Der Einsatz von großen Weidetieren zur Pflege von ausgedehnten Naturschutzflächen hat sich in den letzten Jahrzehnten zu einer anerkannten Strategie im Umgang mit sogenanntem „Offenland“ entwickelt. Besonders in den Niederlanden ist die „Wilde Weide“ bereits seit den 80er Jahren erfolgreich im Naturschutz etabliert. Weitläufige Landschaften werden dort mithilfe von robusten Rinder- und Pferderassen gepflegt. Eine nahe liegende Entwicklung, denn der Großteil der artenreichen Biotope in unserer historischen Kulturlandschaft ist durch menschliche Nutzung entstanden: insbesondere durch eine angepasste Beweidung mit Nutztieren wie Rinder, Pferde, Schafe und Ziegen.

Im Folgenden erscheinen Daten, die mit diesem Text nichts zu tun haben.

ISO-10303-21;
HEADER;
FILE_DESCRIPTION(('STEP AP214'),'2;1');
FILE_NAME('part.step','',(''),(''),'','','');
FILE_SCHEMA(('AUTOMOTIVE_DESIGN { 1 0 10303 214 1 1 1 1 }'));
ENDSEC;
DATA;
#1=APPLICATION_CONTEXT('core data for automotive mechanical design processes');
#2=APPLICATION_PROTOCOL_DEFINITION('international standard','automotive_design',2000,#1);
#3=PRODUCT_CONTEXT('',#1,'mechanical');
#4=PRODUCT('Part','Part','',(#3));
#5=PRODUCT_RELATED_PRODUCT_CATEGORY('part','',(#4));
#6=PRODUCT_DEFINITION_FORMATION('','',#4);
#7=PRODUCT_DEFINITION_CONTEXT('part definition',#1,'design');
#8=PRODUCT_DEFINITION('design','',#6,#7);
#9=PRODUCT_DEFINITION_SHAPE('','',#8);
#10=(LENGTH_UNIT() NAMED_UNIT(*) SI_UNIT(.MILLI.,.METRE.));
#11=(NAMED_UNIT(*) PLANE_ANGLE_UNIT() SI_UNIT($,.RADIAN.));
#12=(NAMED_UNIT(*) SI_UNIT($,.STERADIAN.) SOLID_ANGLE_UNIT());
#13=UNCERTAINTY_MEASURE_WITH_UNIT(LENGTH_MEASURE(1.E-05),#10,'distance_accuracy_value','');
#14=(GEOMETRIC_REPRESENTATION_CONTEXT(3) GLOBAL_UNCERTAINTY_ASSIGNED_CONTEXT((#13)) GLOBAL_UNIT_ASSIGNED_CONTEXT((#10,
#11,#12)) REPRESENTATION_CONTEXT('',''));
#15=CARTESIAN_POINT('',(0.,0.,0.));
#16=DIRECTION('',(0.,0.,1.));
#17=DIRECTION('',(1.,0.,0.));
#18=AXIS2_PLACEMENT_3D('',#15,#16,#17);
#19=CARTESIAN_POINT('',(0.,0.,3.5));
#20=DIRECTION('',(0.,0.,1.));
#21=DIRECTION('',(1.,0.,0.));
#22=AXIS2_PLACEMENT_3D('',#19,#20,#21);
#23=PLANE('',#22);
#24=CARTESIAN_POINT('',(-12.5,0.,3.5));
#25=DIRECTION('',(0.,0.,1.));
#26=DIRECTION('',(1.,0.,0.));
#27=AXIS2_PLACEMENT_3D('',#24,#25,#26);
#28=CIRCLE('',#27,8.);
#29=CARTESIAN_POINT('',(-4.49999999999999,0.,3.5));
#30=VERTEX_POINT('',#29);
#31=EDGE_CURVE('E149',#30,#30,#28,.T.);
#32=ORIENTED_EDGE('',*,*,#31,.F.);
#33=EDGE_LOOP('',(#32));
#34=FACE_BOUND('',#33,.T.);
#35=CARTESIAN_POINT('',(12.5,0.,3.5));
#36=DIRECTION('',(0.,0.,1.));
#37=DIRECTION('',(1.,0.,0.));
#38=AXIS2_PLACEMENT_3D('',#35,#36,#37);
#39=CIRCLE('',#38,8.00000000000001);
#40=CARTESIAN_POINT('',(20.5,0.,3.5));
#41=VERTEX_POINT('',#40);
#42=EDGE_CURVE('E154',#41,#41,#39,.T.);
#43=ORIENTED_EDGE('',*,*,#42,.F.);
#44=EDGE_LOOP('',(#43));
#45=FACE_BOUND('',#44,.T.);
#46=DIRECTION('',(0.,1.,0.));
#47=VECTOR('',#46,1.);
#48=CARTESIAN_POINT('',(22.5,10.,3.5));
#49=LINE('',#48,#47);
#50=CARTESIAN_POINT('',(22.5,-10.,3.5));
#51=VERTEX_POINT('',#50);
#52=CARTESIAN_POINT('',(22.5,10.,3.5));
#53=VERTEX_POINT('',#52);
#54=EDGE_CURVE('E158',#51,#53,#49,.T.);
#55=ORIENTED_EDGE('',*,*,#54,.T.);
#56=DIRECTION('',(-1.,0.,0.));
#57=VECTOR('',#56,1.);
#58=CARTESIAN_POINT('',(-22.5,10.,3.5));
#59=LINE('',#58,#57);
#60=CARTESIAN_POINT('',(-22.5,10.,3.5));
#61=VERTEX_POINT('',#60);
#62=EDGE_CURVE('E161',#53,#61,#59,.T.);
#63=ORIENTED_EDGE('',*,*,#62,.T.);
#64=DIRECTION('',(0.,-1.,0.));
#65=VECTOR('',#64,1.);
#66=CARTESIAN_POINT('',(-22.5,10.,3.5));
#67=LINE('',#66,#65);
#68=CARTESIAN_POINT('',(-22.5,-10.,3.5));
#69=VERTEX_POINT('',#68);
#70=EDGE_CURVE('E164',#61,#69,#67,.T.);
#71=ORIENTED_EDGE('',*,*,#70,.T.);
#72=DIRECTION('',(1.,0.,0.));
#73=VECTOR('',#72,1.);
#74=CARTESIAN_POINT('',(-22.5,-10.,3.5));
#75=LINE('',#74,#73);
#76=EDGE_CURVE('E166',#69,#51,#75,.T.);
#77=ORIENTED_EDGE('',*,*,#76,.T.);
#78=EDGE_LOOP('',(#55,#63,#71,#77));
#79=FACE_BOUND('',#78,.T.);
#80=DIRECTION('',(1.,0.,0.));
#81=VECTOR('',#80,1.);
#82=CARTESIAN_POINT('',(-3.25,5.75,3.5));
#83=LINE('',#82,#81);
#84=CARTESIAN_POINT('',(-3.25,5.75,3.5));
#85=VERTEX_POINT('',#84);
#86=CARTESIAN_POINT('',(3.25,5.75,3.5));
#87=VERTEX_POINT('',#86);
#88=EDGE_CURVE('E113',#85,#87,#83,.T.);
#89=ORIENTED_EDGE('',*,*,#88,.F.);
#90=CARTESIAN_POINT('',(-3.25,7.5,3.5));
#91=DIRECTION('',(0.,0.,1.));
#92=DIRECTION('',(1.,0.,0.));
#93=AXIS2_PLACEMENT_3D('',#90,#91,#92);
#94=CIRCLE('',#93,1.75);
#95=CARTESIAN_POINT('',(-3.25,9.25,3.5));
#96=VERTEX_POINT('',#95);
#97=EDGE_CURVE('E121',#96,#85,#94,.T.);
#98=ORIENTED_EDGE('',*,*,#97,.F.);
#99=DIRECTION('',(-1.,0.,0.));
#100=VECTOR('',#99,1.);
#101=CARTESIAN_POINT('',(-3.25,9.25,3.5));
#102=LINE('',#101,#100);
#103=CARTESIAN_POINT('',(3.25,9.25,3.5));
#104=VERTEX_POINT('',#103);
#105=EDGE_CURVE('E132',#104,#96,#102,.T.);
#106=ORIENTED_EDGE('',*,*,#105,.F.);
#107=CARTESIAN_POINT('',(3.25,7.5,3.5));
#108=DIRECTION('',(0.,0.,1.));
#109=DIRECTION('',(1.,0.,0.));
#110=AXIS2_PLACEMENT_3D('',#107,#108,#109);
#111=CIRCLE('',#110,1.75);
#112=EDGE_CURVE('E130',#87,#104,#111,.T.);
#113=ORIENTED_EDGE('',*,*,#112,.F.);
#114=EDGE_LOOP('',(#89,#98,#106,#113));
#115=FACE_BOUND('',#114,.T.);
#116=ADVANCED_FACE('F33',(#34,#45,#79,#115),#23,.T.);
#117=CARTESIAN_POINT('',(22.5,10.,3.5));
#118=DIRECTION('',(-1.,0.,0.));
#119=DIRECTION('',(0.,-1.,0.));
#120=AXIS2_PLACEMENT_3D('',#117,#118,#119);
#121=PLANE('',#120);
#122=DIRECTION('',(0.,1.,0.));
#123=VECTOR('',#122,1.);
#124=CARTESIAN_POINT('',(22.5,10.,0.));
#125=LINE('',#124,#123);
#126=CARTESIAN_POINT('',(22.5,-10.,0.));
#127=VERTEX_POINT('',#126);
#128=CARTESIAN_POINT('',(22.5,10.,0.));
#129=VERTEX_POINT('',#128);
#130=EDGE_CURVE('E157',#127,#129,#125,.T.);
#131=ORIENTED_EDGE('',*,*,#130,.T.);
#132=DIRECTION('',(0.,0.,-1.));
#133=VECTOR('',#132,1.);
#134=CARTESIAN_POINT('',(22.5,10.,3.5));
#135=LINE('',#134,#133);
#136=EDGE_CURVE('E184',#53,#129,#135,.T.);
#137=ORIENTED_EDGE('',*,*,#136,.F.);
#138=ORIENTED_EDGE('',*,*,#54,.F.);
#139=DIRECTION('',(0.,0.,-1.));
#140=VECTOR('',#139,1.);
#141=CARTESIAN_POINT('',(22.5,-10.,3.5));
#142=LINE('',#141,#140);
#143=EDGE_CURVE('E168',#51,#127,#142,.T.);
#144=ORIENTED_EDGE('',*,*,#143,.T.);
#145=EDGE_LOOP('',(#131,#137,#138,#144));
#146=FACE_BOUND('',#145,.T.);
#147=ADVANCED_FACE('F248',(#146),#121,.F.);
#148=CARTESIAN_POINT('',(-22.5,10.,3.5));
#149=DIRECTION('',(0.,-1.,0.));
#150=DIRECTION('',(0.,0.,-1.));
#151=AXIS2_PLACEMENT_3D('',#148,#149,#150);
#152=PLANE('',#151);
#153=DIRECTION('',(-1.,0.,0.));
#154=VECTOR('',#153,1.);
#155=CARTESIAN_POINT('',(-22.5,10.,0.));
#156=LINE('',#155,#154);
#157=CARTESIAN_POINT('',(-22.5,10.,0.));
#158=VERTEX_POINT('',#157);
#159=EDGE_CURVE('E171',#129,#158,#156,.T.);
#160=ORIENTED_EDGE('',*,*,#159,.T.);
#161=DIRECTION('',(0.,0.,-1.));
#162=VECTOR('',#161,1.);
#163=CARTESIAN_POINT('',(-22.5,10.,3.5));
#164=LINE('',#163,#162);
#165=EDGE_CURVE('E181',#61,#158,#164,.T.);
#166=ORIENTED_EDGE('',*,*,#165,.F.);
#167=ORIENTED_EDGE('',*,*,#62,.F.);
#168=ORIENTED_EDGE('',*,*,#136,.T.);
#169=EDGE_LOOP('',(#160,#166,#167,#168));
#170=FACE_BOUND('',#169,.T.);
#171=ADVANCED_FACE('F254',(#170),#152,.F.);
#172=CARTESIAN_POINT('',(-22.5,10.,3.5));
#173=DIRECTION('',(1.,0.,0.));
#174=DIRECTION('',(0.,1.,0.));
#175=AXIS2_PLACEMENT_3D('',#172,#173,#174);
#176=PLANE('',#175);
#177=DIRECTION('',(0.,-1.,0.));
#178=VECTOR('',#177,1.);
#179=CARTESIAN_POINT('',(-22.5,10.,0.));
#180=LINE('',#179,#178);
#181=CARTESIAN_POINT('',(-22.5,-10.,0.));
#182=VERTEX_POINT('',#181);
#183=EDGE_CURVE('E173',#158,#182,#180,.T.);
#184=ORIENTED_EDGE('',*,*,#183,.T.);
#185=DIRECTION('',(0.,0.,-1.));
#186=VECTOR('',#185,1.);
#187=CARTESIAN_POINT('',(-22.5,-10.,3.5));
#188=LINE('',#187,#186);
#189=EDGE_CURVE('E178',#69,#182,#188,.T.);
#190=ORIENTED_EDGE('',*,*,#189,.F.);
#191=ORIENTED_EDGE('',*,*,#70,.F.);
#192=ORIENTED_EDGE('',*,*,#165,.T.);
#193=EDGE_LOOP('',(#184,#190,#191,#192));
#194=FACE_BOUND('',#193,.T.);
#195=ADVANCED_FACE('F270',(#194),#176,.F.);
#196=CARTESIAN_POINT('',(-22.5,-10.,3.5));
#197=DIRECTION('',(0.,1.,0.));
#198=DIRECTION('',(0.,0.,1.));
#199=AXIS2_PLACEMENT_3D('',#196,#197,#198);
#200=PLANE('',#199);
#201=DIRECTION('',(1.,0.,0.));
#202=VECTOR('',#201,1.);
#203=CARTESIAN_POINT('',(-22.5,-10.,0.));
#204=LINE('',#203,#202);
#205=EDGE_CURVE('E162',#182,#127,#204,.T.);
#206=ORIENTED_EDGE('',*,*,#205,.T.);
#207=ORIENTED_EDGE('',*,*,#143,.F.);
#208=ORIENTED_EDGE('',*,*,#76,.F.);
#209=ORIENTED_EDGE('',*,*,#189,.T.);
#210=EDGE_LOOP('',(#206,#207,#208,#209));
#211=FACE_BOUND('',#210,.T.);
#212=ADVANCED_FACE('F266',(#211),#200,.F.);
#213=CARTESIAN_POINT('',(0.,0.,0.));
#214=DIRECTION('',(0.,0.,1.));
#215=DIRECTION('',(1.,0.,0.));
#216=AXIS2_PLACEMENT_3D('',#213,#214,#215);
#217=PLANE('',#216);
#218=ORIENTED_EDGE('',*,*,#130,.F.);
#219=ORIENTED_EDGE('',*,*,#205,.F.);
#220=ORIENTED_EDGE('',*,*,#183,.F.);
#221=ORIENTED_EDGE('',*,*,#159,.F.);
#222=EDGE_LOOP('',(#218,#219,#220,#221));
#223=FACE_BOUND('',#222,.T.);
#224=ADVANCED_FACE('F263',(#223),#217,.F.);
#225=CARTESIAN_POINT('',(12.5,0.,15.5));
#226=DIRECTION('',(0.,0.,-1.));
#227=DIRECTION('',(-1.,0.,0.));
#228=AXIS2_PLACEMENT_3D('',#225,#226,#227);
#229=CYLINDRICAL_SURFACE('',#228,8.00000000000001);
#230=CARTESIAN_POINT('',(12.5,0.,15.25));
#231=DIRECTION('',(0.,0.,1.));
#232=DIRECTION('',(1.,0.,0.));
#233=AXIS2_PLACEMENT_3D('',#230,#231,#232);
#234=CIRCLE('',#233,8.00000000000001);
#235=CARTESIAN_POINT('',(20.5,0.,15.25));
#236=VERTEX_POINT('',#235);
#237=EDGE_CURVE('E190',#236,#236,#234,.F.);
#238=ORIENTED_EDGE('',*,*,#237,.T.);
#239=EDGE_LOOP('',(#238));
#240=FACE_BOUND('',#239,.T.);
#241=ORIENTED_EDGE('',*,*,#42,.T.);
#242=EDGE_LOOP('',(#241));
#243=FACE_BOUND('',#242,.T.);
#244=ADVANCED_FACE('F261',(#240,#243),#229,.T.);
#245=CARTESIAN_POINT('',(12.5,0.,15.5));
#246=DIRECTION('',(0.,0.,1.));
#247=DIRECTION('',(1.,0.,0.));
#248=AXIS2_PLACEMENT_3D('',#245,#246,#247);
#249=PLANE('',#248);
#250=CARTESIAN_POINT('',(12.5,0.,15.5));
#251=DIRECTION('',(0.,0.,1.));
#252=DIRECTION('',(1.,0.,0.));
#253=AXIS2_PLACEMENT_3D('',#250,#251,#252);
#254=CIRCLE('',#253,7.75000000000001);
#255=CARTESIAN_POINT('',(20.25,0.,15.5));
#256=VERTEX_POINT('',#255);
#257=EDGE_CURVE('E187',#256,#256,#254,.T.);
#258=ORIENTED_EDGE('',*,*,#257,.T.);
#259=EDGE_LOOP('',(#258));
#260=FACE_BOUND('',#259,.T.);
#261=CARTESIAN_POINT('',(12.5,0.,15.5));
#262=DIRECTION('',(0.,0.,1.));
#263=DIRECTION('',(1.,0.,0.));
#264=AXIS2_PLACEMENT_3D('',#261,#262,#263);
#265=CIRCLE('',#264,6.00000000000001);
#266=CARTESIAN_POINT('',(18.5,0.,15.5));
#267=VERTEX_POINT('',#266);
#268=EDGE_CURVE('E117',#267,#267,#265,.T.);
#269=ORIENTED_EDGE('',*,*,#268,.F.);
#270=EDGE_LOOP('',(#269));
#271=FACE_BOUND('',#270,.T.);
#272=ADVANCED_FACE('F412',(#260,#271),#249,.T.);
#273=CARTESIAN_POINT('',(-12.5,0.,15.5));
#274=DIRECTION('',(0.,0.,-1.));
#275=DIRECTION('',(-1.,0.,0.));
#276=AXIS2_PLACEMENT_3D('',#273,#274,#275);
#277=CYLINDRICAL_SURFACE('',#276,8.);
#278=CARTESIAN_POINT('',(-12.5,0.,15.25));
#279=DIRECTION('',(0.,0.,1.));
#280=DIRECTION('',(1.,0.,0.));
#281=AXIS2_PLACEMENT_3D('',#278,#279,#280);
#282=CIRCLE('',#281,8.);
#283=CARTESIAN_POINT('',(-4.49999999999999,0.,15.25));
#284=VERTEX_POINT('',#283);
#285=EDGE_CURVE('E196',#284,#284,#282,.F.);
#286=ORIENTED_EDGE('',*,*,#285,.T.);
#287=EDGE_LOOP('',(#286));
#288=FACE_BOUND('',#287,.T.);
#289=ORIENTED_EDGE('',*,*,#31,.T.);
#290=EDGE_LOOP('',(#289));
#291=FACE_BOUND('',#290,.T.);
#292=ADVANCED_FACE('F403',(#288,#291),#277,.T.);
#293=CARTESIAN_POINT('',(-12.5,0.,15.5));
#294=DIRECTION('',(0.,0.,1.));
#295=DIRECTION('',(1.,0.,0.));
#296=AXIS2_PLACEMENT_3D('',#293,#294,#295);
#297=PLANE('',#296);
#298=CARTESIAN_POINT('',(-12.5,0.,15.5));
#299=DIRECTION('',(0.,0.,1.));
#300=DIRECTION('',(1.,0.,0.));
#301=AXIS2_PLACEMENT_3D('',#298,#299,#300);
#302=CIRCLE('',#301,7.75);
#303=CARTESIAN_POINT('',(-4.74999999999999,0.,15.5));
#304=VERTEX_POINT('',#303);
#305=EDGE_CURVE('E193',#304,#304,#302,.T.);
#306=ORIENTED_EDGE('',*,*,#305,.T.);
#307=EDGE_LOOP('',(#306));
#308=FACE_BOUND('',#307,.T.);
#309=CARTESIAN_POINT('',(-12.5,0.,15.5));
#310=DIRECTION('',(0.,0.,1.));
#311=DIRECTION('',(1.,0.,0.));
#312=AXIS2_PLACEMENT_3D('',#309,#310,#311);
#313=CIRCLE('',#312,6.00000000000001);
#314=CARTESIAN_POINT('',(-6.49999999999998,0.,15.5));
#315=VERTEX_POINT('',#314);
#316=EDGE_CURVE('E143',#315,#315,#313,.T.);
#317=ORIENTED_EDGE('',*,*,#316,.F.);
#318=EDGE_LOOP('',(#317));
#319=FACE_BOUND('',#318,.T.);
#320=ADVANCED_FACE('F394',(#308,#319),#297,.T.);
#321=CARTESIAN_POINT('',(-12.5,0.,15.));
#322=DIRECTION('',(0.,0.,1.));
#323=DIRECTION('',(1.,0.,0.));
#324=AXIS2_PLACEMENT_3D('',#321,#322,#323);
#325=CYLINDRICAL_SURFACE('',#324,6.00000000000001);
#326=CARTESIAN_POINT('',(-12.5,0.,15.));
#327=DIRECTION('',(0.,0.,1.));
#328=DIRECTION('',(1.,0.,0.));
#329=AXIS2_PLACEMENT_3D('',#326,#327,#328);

Weite Blicke über lila blühende Heide und offene Sandlandschaften, ursprüngliche Eichenwälder und artenreiche Niederungen. Kulturhistorische Relikte aus der militärischer Nutzung und Begegnungen mit großen Weidetiere wie Wisente, Heckrinder, Przewalski- und Konikpferden entlang der Wege. Die Landschaft in der Döberitzer Heide ist vielfältig und lässt sich am Besten bei einer Wanderung entdecken.

Dennoch sollte man nicht vergessen, dass es sich bei der Döberitzer Heide um einen ehemaligen Truppenübungsplatz und ein Naturschutzgebiet handelt. Dies macht es umso wichtiger die gekennzeichneten Wege nicht zu verlassen und auch geschlossene Tore stets zu respektieren. Denn auch von den Weidetieren kann eine nicht zu unterschätzende Gefahr ausgehen.
 

Eine Vielzahl an sicheren Wanderrouten von unterschiedlicher Länge bieten für jeden die Möglichkeit auf ein einmaliges Naturerlebnis. Empfehlenswertes Equipment sind festes Schuhwerk, wetterentsprechende Kleidung sowie ein Fernglas.

Naturschutz-Förderverein
Döberitzer Heide e. V.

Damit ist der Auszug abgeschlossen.